From Wikipedia, the free encyclopedia

The introduction to this article provides insufficient context for those unfamiliar with the subject. Please help improve the article with a good introductory style.

This article is orphaned as few or no other articles link to it. Please help introduce links in articles on related topics. (January 2007)

Please help improve this article or section by expanding it. Further information might be found on the talk page or at requests for expansion. (January 2007)

The HELP Assay is HpaII-tiny fragment Enrichment by Ligation-mediated PCR.

To study cytosine methylation throughout the genome, techniques usually involve the use of restriction enzymes or proteins with affinity for 5-methylcytosine.

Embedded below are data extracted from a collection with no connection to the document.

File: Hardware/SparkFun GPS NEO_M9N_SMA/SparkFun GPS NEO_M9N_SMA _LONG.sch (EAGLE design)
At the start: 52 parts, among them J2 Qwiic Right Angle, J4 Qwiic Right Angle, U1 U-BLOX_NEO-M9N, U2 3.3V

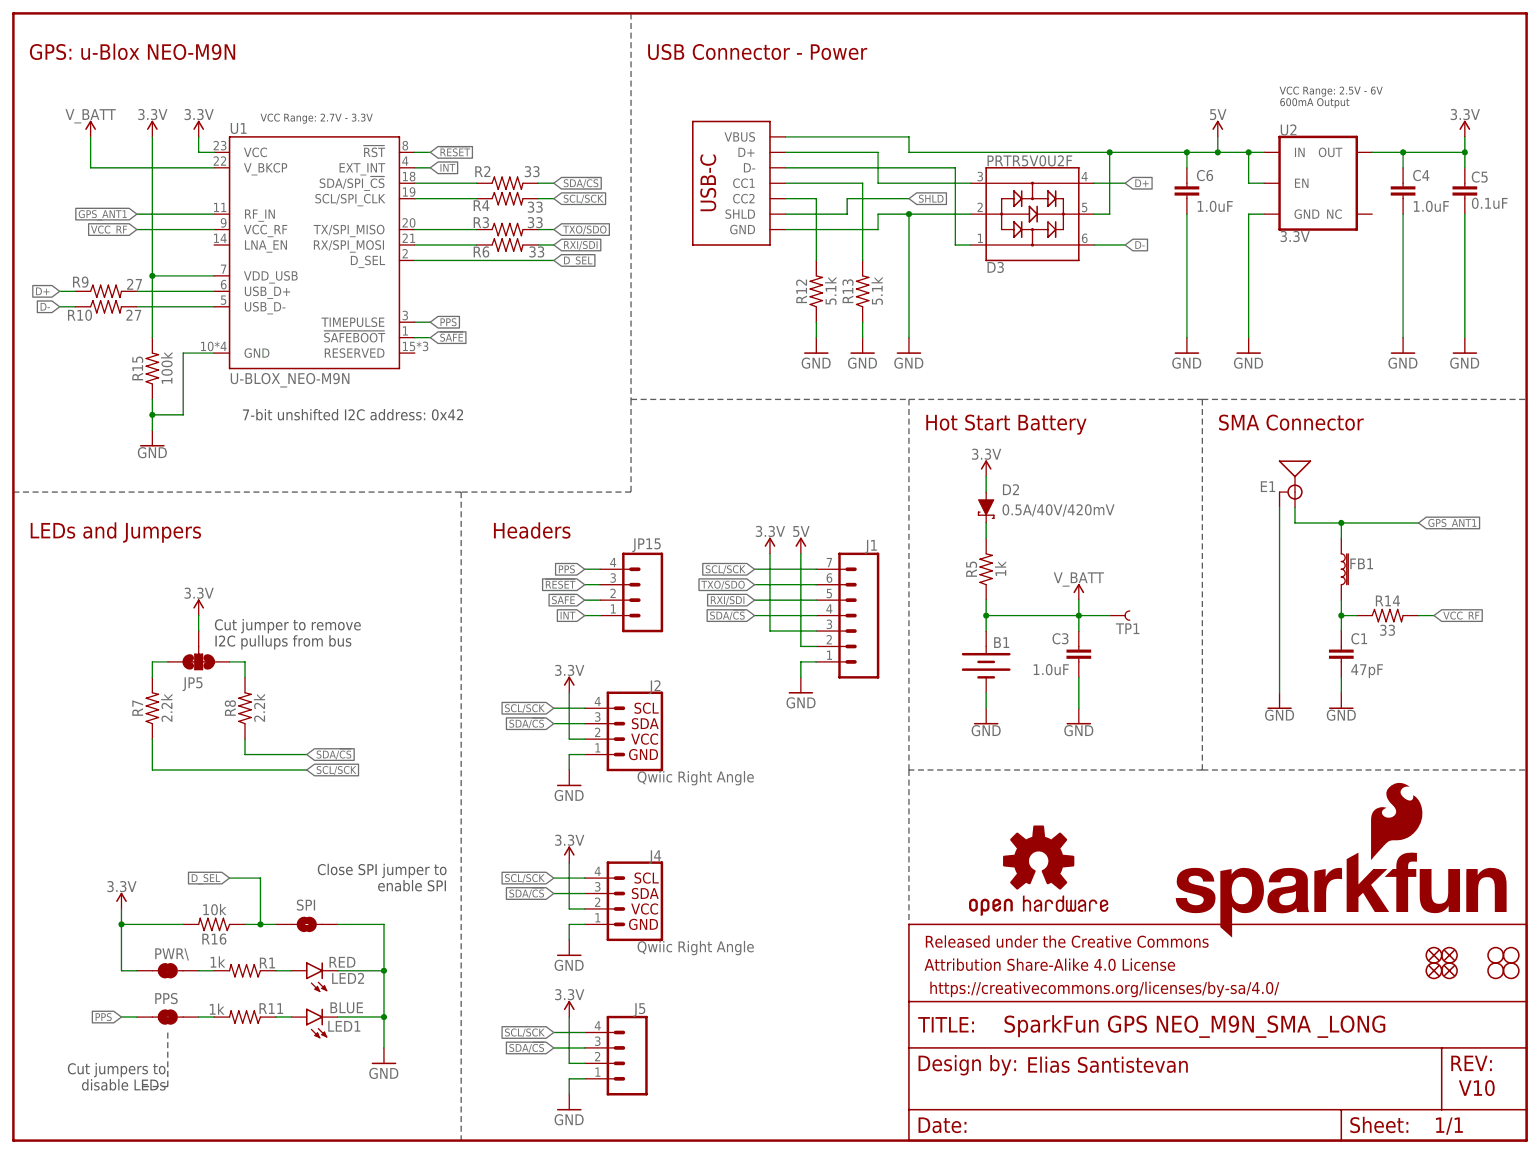
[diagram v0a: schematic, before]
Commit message: Adds some text for L1/L2 band support on the schematic
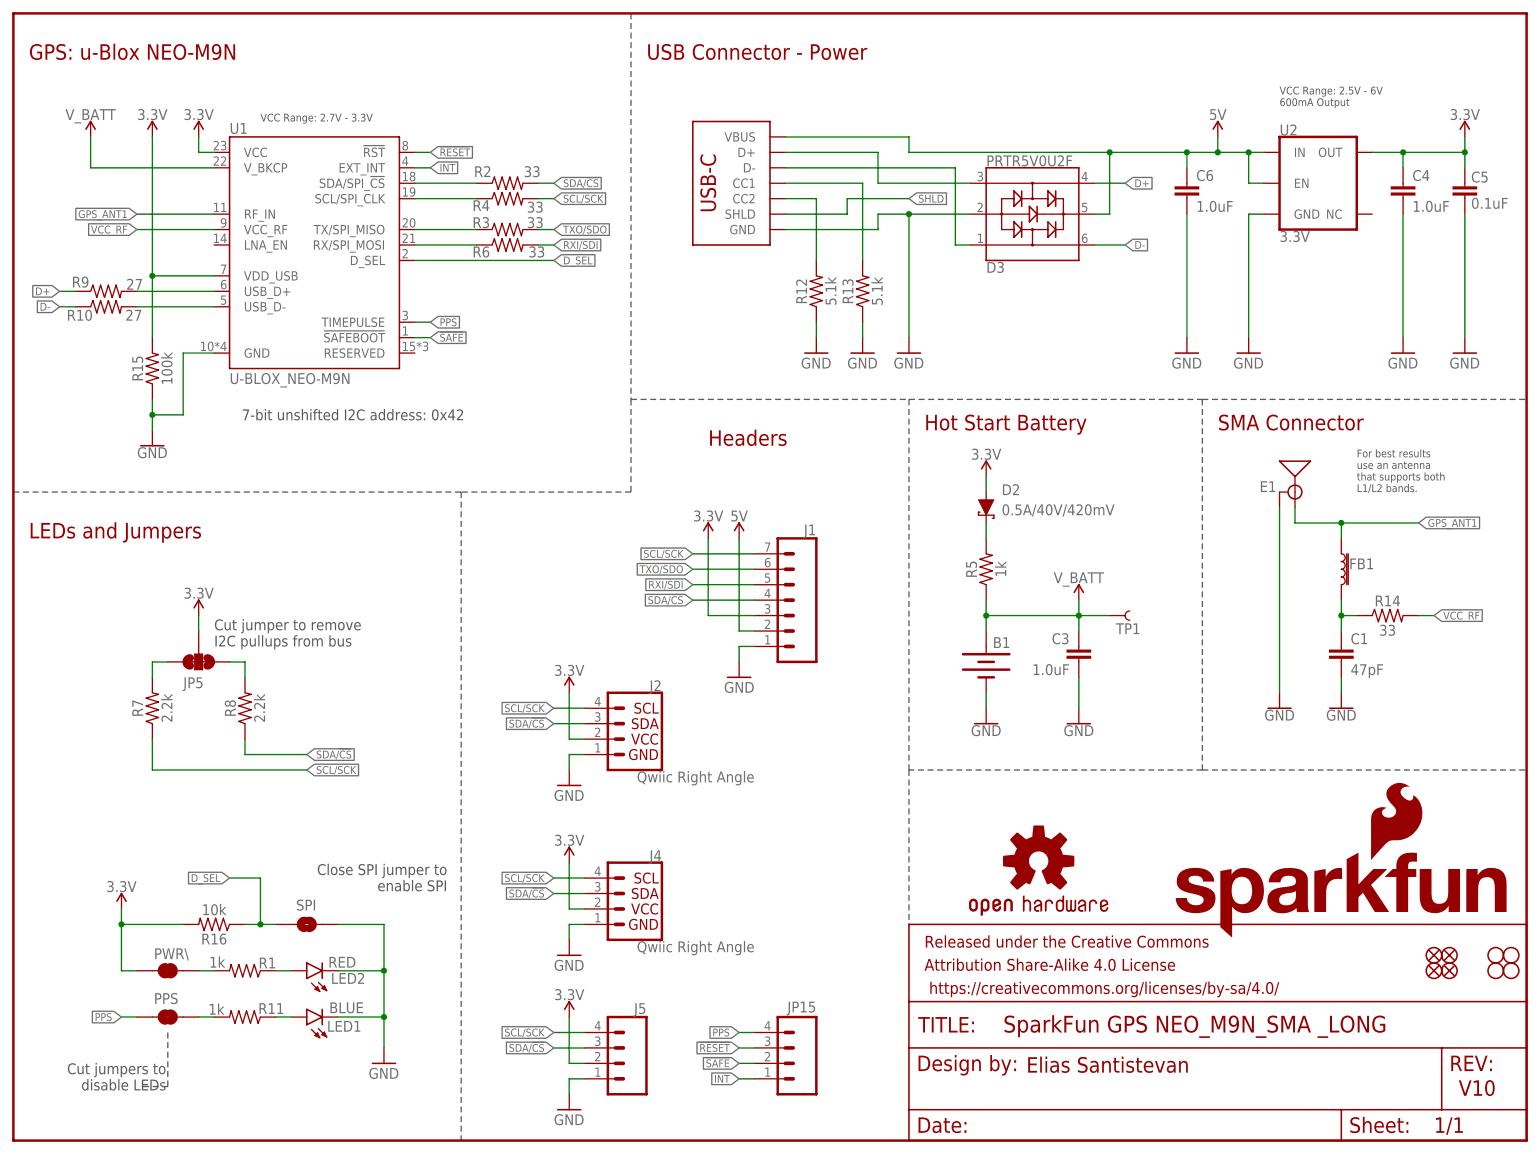
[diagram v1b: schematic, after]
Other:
- note added: "For best results use an antenna that supports both L1/L2 bands."
- moved on the sheet: J1, JP15
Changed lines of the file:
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@@
 enable SPI</text>
 <text x="166.624" y="11.176" size="2.54" layer="94" font="vector">Elias Santistevan</text>
-<text x="78.74" y="99.06" size="2.54" layer="94" font="vector">Headers</text>
+<text x="114.3" y="114.3" size="2.54" layer="94" font="vector">Headers</text>
 <text x="2.54" y="99.06" size="2.54" layer="94" font="vector">LEDs and Jumpers</text>
 <text x="149.86" y="116.84" size="2.54" layer="94" font="vector">Hot Start Battery</text>
@@
 <text x="208.28" y="170.18" size="1.27" layer="97" font="vector">VCC Range: 2.5V - 6V
 600mA Output</text>
+<text x="220.98" y="106.68" size="1.27" layer="97" font="vector">For best results
+use an antenna
+that supports both
+L1/L2 bands.</text>
 </plain>
 <instances>
@@
 <instance part="JP91" gate="G$1" x="243.84" y="30.48" smashed="yes"/>
 <instance part="JP101" gate="G$1" x="243.84" y="27.94" smashed="yes"/>
-<instance part="GND1" gate="1" x="129.54" y="73.66" smashed="yes" rot="MR0">
-<attribute name="VALUE" x="132.08" y="71.12" size="1.778" layer="96" font="vector" rot="MR0"/>
+<instance part="GND1" gate="1" x="119.38" y="76.2" smashed="yes" rot="MR0">
+<attribute name="VALUE" x="121.92" y="73.66" size="1.778" layer="96" font="vector" rot="MR0"/>
 </instance>
 <instance part="GND15" gate="1" x="132.08" y="129.54" smashed="yes">
@@
 <attribute name="VALUE" x="22.86" y="167.894" size="1.778" layer="96" font="vector" rot="MR0" align="bottom-center"/>
 </instance>
-<instance part="JP15" gate="J1" x="101.6" y="88.9" smashed="yes" rot="MR0">
-<attribute name="VALUE" x="106.68" y="78.74" size="1.778" layer="96" rot="MR0"/>
-<attribute name="NAME" x="106.68" y="97.282" size="1.778" layer="95" font="vector" rot="MR0"/>
-</instance>
-<instance part="SUPPLY10" gate="G$1" x="124.46" y="96.52" smashed="yes">
-<attribute name="VALUE" x="124.46" y="99.314" size="1.778" layer="96" font="vector" align="bottom-center"/>
-</instance>
-<instance part="J1" gate="J1" x="137.16" y="83.82" smashed="yes" rot="MR0">
-<attribute name="VALUE" x="142.24" y="73.914" size="1.778" layer="96" font="vector" rot="MR0"/>
-<attribute name="NAME" x="142.24" y="97.028" size="1.778" layer="95" font="vector" rot="MR0"/>
-</instance>
-<instance part="SUPPLY11" gate="G$1" x="129.54" y="96.52" smashed="yes">
-<attribute name="VALUE" x="129.54" y="99.314" size="1.778" layer="96" font="vector" align="bottom-center"/>
+<instance part="JP15" gate="J1" x="127" y="12.7" smashed="yes" rot="MR0">
+<attribute name="VALUE" x="132.08" y="2.54" size="1.778" layer="96" rot="MR0"/>
+<attribute name="NAME" x="132.08" y="21.082" size="1.778" layer="95" font="vector" rot="MR0"/>
+</instance>
+<instance part="SUPPLY10" gate="G$1" x="114.3" y="99.06" smashed="yes">
+<attribute name="VALUE" x="114.3" y="101.854" size="1.778" layer="96" font="vector" align="bottom-center"/>
+</instance>
+<instance part="J1" gate="J1" x="127" y="86.36" smashed="yes" rot="MR0">
+<attribute name="VALUE" x="132.08" y="76.454" size="1.778" layer="96" font="vector" rot="MR0"/>
+<attribute name="NAME" x="132.08" y="99.568" size="1.778" layer="95" font="vector" rot="MR0"/>
+</instance>
+<instance part="SUPPLY11" gate="G$1" x="119.38" y="99.06" smashed="yes">
+<attribute name="VALUE" x="119.38" y="101.854" size="1.778" layer="96" font="vector" align="bottom-center"/>
 </instance>
 <instance part="LOGO2" gate="G$1" x="190.5" y="33.02" smashed="yes"/>
@@
 </segment>
 <segment>
-<wire x1="124.46" y1="83.82" x2="124.46" y2="96.52" width="0.1524" layer="91"/>
-<wire x1="132.08" y1="83.82" x2="124.46" y2="83.82" width="0.1524" layer="91"/>
+<wire x1="114.3" y1="86.36" x2="114.3" y2="99.06" width="0.1524" layer="91"/>
+<wire x1="121.92" y1="86.36" x2="114.3" y2="86.36" width="0.1524" layer="91"/>
 <pinref part="SUPPLY10" gate="G$1" pin="3.3V"/>
 <pinref part="J1" gate="J1" pin="3"/>
@@
 <pinref part="J1" gate="J1" pin="1"/>
 <pinref part="GND1" gate="1" pin="GND"/>
-<wire x1="132.08" y1="78.74" x2="129.54" y2="78.74" width="0.1524" layer="91"/>
-<wire x1="129.54" y1="78.74" x2="129.54" y2="76.2" width="0.1524" layer="91"/>
+<wire x1="121.92" y1="81.28" x2="119.38" y2="81.28" width="0.1524" layer="91"/>
+<wire x1="119.38" y1="81.28" x2="119.38" y2="78.74" width="0.1524" layer="91"/>
 </segment>
 <segment>
@@
 </segment>
 <segment>
-<wire x1="132.08" y1="93.98" x2="121.92" y2="93.98" width="0.1524" layer="91"/>
-<label x="121.92" y="93.98" size="1.27" layer="95" font="vector" rot="MR0" xref="yes"/>
+<wire x1="121.92" y1="96.52" x2="111.76" y2="96.52" width="0.1524" layer="91"/>
+<label x="111.76" y="96.52" size="1.27" layer="95" font="vector" rot="MR0" xref="yes"/>
 <pinref part="J1" gate="J1" pin="7"/>
 </segment>
@@
 </segment>
 <segment>
-<wire x1="132.08" y1="86.36" x2="121.92" y2="86.36" width="0.1524" layer="91"/>
-<label x="121.92" y="86.36" size="1.27" layer="95" font="vector" rot="MR0" xref="yes"/>
+<wire x1="121.92" y1="88.9" x2="111.76" y2="88.9" width="0.1524" layer="91"/>
+<label x="111.76" y="88.9" size="1.27" layer="95" font="vector" rot="MR0" xref="yes"/>
 <pinref part="J1" gate="J1" pin="4"/>
 </segment>
@@
 </segment>
 <segment>
-<wire x1="96.52" y1="91.44" x2="93.98" y2="91.44" width="0.1524" layer="91"/>
-<label x="93.98" y="91.44" size="1.27" layer="95" font="vector" rot="MR0" xref="yes"/>
+<wire x1="121.92" y1="15.24" x2="119.38" y2="15.24" width="0.1524" layer="91"/>
+<label x="119.38" y="15.24" size="1.27" layer="95" font="vector" rot="MR0" xref="yes"/>
 <pinref part="JP15" gate="J1" pin="3"/>
 </segment>
@@
 </segment>
 <segment>
-<wire x1="96.52" y1="86.36" x2="93.98" y2="86.36" width="0.1524" layer="91"/>
-<label x="93.98" y="86.36" size="1.27" layer="95" font="vector" rot="MR0" xref="yes"/>
+<wire x1="121.92" y1="10.16" x2="119.38" y2="10.16" width="0.1524" layer="91"/>
+<label x="119.38" y="10.16" size="1.27" layer="95" font="vector" rot="MR0" xref="yes"/>
 <pinref part="JP15" gate="J1" pin="1"/>
 </segment>
@@
 </segment>
 <segment>
-<wire x1="96.52" y1="93.98" x2="93.98" y2="93.98" width="0.1524" layer="91"/>
-<label x="93.98" y="93.98" size="1.27" layer="95" font="vector" rot="MR0" xref="yes"/>
+<wire x1="121.92" y1="17.78" x2="119.38" y2="17.78" width="0.1524" layer="91"/>
+<label x="119.38" y="17.78" size="1.27" layer="95" font="vector" rot="MR0" xref="yes"/>
 <pinref part="JP15" gate="J1" pin="4"/>
 </segment>
@@
 </segment>
 <segment>
-<wire x1="96.52" y1="88.9" x2="93.98" y2="88.9" width="0.1524" layer="91"/>
-<label x="93.98" y="88.9" size="1.27" layer="95" font="vector" rot="MR0" xref="yes"/>
+<wire x1="121.92" y1="12.7" x2="119.38" y2="12.7" width="0.1524" layer="91"/>
+<label x="119.38" y="12.7" size="1.27" layer="95" font="vector" rot="MR0" xref="yes"/>
 <pinref part="JP15" gate="J1" pin="2"/>
 </segment>
@@
 </segment>
 <segment>
-<wire x1="132.08" y1="88.9" x2="121.92" y2="88.9" width="0.1524" layer="91"/>
-<label x="121.92" y="88.9" size="1.27" layer="95" font="vector" rot="MR0" xref="yes"/>
+<wire x1="121.92" y1="91.44" x2="111.76" y2="91.44" width="0.1524" layer="91"/>
+<label x="111.76" y="91.44" size="1.27" layer="95" font="vector" rot="MR0" xref="yes"/>
 <pinref part="J1" gate="J1" pin="5"/>
 </segment>
@@
 </segment>
 <segment>
-<wire x1="132.08" y1="91.44" x2="121.92" y2="91.44" width="0.1524" layer="91"/>
-<label x="121.92" y="91.44" size="1.27" layer="95" font="vector" rot="MR0" xref="yes"/>
+<wire x1="121.92" y1="93.98" x2="111.76" y2="93.98" width="0.1524" layer="91"/>
+<label x="111.76" y="93.98" size="1.27" layer="95" font="vector" rot="MR0" xref="yes"/>
 <pinref part="J1" gate="J1" pin="6"/>
 </segment>
@@
 <segment>
 <pinref part="J1" gate="J1" pin="2"/>
-<wire x1="132.08" y1="81.28" x2="129.54" y2="81.28" width="0.1524" layer="91"/>
-<wire x1="129.54" y1="81.28" x2="129.54" y2="96.52" width="0.1524" layer="91"/>
+<wire x1="121.92" y1="83.82" x2="119.38" y2="83.82" width="0.1524" layer="91"/>
+<wire x1="119.38" y1="83.82" x2="119.38" y2="99.06" width="0.1524" layer="91"/>
 <pinref part="SUPPLY11" gate="G$1" pin="5V"/>
 </segment>

The HELP assay [1] compares representations generated by HpaII and by MspI digestion of the genome followed by ligation-mediated PCR. As HpaII only digests 5'-CCGG-3' sites when the cytosine in the central CG dinucleotide is unmethylated, the HpaII representation is enriched for the hypomethylated fraction of the genome. The MspI representation is a control for copy number changes and PCR amplification difficulties.

It was recently shown [2] that cytosine methylation patterns tend to be concordant over short (~1 kb) regions. The patterns represented by the HpaII sites therefore tend to be representative of other CG dinucleotides locally.

The protocol for the HELP assay is available from [3].

The analysis of HELP data involves quality analysis and normalization. An analytical pipeline written in the R programming language was recently published [4] to allow HELP data to be processed.